Invert embedding layer does not update weight

mortezamg63 · August 3, 2021, 1:41pm

In this post (deep learning - How to invert a PyTorch Embedding? - Stack Overflow) I see a very simple and short solution to invert the embedding layer.
I used the inverse embedding layer, but it does not update the weights in the network. The proposed inverse embedding layer is copied from the post here (bellow):

import torch

embeddings = torch.nn.Embedding(1000, 100)
my_sample = torch.randn(1, 100)
distance = torch.norm(embeddings.weight.data - my_sample, dim=1)
nearest = torch.argmin(distance)

What i did:
I used an embedding layer that gets one input and generated 16D output. Then, I add two hidden dense layers (64->16) and one inverse embedding layer. In short

X → embedding ->dense layer(64D)->dense layer(16D) → inverse embedding → X’

X and X’ are integer numbers.

To compute the loss, I used torch.norm(X - X’). But it does not update the weights. I can not figure out the problem and why there is no update in weights.

A short implementation is shown bellow:

# lS_o = Offset, lS_i = input number
optimizer = opts['sgd'](parameters, lr=args.learning_rate)
#--------------------------------------

model forward(self, lS_o, lS_i):
   out_emb1 = self.embl_inp(lS_o, lS_i) # 16D == embedding layer
   out_dl1= self.DLyr1(out_emb1) #  64D == Dense Layer 1
   out_dl2 = self.DLyr2(out_dl1) # 16D == Dense Layer 2
   ly  = out_dl2
   distance = self.emb_out.weight.data-ly[i,None] #subtract each row of weight matrix with each row in ly
   out = torch.argmin(torch.norm(distance, dim=1), dim=0)
   return torch.stack(out)


train_ds = Dataset(...
train_ld = DataLoader(train_ds, ...

pbar = tq.tqdm(enumerate(train_ld, total=len(train_ld))
for j, inputBatch in pbar:
    lS_o, lS_i = unpack_batch(inputBatch)
    ae_out = model(lS_o, lS_i, use_gpu=True)
    loss = torch.norm(ae_out - lS_i)

    optimizer.zero_grad()
    loss.backward()
    optimizer.step()

Varal7 · August 4, 2021, 3:43am

torch.argmin is not differentiable.
You can try looking at Gumbel-Softmax or REINFORCE if you want something like a “differentiable argmin”

mortezamg63 · August 5, 2021, 5:51pm

@Varal7 Thanks for your reply. it is very helpful. I have studied the gumbel_softmax and change the code in the model forward function as the following:

distance = torch.norm(distance,dim=1)
out = 1 - torch.nn.functional.gumbel_softmax(dist)

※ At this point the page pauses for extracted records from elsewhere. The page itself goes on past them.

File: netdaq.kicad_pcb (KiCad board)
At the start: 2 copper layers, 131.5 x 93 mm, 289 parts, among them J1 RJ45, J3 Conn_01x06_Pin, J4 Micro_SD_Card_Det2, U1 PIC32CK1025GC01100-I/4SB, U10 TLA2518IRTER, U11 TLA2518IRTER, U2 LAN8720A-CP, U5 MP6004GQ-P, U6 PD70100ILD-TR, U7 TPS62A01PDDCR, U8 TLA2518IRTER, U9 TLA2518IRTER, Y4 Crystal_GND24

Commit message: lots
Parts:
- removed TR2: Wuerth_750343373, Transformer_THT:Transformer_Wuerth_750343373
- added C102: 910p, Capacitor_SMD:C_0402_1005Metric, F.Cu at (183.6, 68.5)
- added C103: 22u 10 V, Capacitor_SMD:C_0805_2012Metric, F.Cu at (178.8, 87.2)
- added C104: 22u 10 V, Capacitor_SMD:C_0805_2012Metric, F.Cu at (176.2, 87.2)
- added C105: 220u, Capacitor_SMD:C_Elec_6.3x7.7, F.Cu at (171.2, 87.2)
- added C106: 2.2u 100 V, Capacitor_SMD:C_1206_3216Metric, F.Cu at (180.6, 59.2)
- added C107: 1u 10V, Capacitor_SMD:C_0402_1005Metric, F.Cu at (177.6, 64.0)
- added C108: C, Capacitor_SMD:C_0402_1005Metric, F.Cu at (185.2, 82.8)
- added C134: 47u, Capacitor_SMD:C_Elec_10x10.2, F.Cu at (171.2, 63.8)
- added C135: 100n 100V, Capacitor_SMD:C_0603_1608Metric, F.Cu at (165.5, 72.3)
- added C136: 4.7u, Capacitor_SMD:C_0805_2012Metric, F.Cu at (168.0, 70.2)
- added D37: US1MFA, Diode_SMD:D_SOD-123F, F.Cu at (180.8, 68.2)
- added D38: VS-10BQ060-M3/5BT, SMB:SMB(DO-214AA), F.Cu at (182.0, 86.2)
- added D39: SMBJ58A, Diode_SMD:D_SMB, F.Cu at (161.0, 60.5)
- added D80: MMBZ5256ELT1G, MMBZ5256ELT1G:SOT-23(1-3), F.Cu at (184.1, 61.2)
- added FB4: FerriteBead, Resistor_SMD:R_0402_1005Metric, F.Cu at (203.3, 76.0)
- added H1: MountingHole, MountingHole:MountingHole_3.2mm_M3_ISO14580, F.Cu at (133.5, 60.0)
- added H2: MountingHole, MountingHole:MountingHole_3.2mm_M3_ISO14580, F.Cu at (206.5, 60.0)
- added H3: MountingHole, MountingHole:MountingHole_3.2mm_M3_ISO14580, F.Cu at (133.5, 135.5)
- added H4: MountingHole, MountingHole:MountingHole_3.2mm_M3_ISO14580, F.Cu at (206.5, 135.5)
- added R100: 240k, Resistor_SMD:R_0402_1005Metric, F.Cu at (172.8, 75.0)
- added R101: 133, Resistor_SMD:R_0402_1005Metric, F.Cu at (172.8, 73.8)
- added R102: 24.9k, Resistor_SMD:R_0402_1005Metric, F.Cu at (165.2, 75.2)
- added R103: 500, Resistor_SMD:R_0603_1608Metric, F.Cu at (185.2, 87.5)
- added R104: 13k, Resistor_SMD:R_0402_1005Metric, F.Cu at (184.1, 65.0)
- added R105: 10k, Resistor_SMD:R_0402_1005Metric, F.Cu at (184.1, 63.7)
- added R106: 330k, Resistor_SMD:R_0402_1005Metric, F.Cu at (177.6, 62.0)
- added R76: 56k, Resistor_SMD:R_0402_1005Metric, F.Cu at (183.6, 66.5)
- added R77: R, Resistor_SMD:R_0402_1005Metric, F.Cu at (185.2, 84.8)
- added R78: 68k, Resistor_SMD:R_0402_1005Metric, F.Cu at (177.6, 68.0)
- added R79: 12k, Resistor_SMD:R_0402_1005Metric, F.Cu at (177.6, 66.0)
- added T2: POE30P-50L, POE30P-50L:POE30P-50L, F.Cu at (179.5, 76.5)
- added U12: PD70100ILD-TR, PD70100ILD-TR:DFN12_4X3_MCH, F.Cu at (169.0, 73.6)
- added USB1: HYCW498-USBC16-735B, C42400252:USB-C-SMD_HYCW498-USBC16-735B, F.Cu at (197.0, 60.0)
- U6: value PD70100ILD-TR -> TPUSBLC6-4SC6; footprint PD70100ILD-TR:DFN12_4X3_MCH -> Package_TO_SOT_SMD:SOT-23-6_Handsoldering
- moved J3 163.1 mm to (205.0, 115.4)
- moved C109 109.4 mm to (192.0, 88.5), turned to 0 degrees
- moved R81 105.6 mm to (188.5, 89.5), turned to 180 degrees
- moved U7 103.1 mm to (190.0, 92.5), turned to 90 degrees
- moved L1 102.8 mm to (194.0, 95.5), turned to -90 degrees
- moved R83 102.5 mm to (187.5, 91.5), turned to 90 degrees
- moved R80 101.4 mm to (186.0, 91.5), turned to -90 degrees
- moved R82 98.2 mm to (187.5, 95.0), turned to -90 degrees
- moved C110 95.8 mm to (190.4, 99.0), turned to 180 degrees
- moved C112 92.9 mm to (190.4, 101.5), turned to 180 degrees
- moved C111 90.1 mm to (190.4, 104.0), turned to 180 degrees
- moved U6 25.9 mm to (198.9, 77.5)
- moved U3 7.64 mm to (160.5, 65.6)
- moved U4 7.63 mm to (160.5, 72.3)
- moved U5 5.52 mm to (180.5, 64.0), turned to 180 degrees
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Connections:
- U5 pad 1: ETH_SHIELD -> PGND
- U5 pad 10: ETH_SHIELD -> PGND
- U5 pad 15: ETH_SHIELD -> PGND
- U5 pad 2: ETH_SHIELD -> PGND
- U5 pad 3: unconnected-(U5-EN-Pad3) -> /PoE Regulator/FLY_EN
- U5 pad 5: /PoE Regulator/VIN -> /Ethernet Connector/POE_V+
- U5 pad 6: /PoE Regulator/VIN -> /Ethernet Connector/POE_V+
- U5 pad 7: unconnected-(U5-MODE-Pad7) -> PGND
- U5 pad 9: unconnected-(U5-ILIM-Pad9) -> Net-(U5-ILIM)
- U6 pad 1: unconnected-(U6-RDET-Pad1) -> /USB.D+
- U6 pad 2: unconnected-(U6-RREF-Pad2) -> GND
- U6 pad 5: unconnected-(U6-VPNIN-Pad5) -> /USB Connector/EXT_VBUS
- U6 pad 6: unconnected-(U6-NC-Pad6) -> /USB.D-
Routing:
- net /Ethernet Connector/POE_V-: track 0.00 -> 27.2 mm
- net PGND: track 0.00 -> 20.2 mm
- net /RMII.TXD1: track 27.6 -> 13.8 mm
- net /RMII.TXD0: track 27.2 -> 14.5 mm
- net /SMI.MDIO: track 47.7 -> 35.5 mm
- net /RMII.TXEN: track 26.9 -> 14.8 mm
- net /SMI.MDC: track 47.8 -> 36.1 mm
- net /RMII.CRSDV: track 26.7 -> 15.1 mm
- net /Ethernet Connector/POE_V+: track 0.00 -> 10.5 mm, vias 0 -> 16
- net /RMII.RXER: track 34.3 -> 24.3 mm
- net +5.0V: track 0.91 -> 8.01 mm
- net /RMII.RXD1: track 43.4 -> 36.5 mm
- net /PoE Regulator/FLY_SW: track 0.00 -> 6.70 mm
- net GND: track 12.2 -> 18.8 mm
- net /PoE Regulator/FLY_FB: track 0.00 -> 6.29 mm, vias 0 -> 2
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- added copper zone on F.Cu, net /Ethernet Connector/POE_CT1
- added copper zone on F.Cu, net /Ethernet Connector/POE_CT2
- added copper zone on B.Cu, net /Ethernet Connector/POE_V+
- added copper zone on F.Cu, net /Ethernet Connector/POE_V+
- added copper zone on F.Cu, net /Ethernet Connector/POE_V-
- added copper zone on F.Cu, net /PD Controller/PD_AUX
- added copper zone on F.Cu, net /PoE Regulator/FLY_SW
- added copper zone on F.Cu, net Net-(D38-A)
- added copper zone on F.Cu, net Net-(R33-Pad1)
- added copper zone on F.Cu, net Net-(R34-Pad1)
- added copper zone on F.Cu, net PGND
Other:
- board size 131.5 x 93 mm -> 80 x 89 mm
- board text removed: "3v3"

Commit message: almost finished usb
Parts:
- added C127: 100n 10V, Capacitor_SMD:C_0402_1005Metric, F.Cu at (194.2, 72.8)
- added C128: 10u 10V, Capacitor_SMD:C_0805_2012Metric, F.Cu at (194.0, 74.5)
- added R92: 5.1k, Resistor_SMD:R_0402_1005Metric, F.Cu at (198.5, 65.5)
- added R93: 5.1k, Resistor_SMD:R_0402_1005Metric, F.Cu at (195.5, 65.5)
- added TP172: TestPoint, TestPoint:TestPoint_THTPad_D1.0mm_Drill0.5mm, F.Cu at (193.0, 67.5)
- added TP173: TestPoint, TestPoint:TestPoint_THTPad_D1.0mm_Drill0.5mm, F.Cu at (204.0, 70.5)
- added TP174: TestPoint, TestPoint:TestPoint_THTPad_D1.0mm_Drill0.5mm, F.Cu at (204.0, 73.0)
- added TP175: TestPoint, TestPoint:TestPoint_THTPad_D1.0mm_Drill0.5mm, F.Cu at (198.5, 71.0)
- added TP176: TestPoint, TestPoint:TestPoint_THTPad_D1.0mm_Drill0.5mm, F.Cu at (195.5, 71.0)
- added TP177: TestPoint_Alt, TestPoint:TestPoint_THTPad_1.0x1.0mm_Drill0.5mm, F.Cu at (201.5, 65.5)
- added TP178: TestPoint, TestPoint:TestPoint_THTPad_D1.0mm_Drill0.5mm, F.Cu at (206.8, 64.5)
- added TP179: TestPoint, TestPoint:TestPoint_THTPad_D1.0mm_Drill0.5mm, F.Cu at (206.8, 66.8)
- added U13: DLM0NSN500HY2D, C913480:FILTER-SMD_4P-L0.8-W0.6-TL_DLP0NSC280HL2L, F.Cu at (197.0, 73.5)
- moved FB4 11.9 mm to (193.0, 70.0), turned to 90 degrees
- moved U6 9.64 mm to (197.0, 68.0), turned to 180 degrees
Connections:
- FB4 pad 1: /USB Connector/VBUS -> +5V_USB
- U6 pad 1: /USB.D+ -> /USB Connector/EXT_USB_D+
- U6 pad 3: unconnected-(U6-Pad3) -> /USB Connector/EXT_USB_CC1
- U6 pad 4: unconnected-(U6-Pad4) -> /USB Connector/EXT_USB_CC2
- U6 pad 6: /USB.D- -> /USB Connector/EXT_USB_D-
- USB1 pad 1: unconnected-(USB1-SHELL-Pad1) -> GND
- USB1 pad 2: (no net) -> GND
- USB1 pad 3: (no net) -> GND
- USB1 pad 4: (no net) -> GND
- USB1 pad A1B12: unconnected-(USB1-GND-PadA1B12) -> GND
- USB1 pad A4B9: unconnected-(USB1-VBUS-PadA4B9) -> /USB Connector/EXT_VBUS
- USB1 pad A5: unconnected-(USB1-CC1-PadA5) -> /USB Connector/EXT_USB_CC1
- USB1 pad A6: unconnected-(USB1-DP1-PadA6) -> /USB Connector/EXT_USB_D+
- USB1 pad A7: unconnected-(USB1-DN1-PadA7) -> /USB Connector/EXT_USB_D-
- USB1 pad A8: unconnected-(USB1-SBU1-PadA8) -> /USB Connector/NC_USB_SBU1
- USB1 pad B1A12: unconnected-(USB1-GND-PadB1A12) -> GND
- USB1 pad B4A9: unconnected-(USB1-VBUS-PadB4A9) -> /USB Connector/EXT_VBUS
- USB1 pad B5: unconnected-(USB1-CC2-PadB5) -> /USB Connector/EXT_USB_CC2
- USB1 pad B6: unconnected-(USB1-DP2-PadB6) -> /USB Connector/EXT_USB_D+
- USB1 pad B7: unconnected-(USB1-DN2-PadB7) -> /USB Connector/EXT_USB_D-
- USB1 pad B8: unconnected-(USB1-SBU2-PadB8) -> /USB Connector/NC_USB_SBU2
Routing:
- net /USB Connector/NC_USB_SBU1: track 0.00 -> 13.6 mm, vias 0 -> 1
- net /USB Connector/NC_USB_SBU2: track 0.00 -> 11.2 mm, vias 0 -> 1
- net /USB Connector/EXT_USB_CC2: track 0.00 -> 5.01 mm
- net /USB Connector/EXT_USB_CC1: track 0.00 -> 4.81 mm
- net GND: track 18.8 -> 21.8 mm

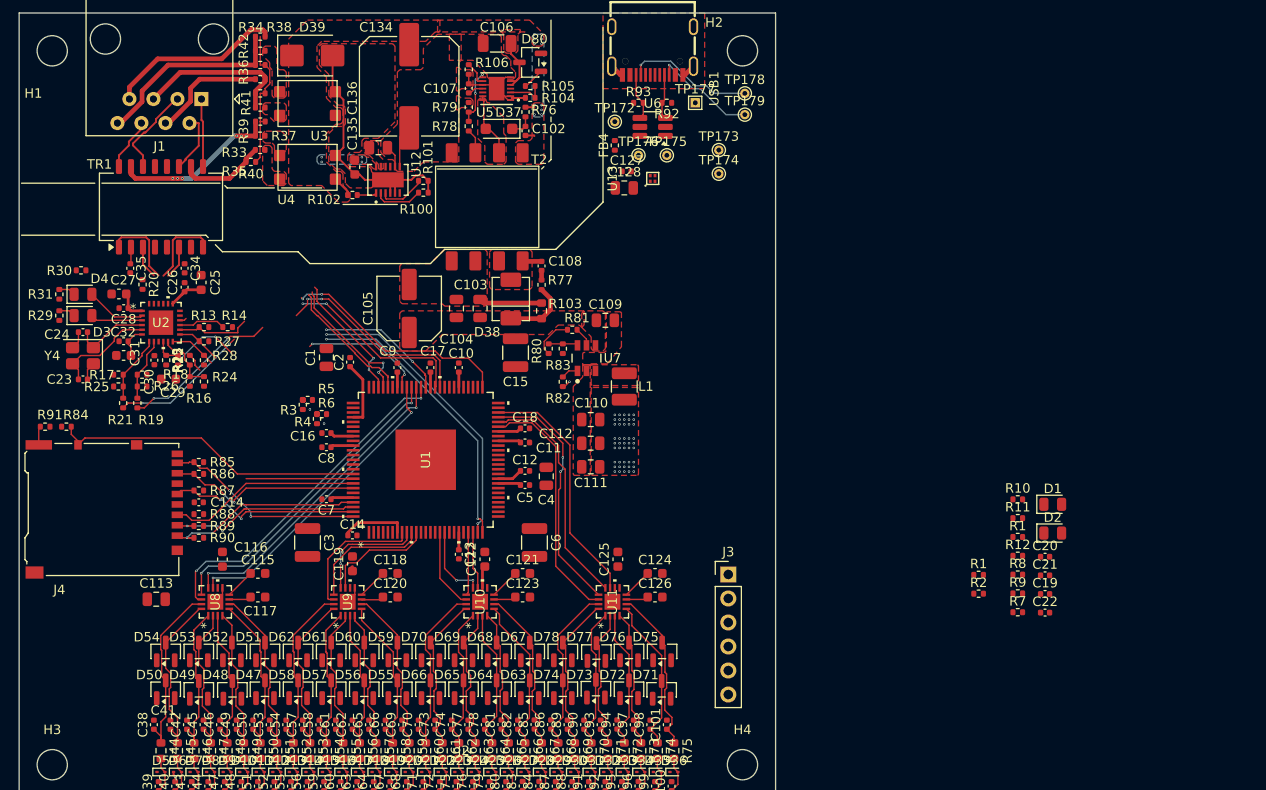
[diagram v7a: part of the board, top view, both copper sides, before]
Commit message: changed to 4 layer, finished usb conn, added jtag conn, some other things
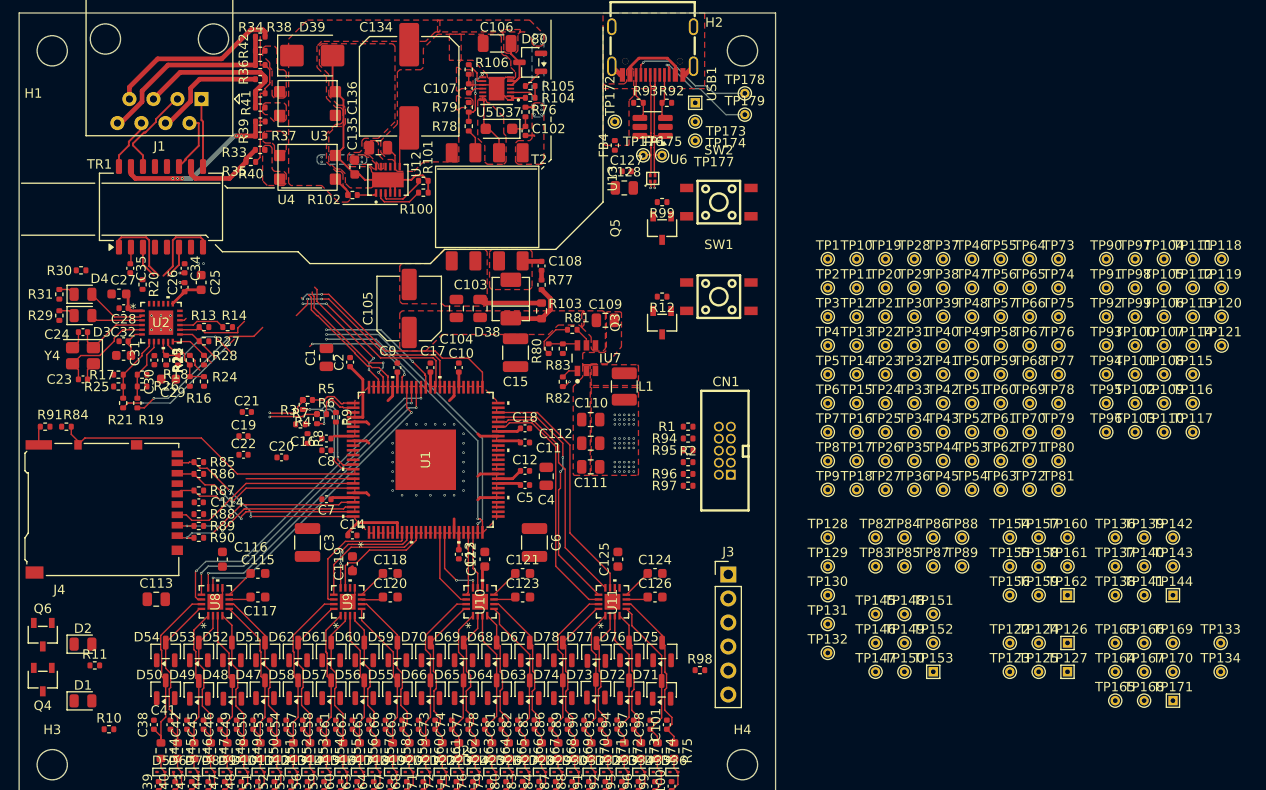
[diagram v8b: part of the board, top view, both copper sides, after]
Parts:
- removed the R1 at (235.6, 111.4)
- added CN1: HX JN1.27-2X5P ZZ H4.9, C42372547:CONN-TH_10P-P1.27_HX-JN1.27-2X5P-ZZ-H4.9, F.Cu at (204.6, 102.3)
- added Q3: BSS138LT1G, C82045:SOT-23-3_L2.9-W1.6-P1.90-LS2.8-BR, F.Cu at (198.0, 88.8)
- added Q4: BSS138LT1G, C82045:SOT-23-3_L2.9-W1.6-P1.90-LS2.8-BR, F.Cu at (132.5, 126.5)
- added Q5: BSS138LT1G, C82045:SOT-23-3_L2.9-W1.6-P1.90-LS2.8-BR, F.Cu at (198.0, 78.8)
- added Q6: BSS138LT1G, C82045:SOT-23-3_L2.9-W1.6-P1.90-LS2.8-BR, F.Cu at (132.5, 121.8)
- added R94: 10k, Resistor_SMD:R_0402_1005Metric, F.Cu at (200.8, 101.0)
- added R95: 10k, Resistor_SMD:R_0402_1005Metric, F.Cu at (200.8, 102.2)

Because I am going to find minimum, I subtract the output of gumbel_softmax by 1.

I am not sure my implementation is correct. Could you give me more hint on the issueto figure out problem of my work.

Varal7 · August 5, 2021, 6:03pm

I think It would be better to take the opposite of the input of gumbel_softmax instead.

mortezamg63 · August 5, 2021, 6:08pm

I did as you said. Thanks. I checked the distance is less than one and moved the subtraction inside the function parameter. But I don’t get the weight update again.

Varal7 · August 5, 2021, 8:15pm

Sorry, I re-read your original post,
I think instead of using a loss of X - X’, you should use a loss that computes some distance between “embedding” and “inverse embedding”. This will also make more sense in terms of learning.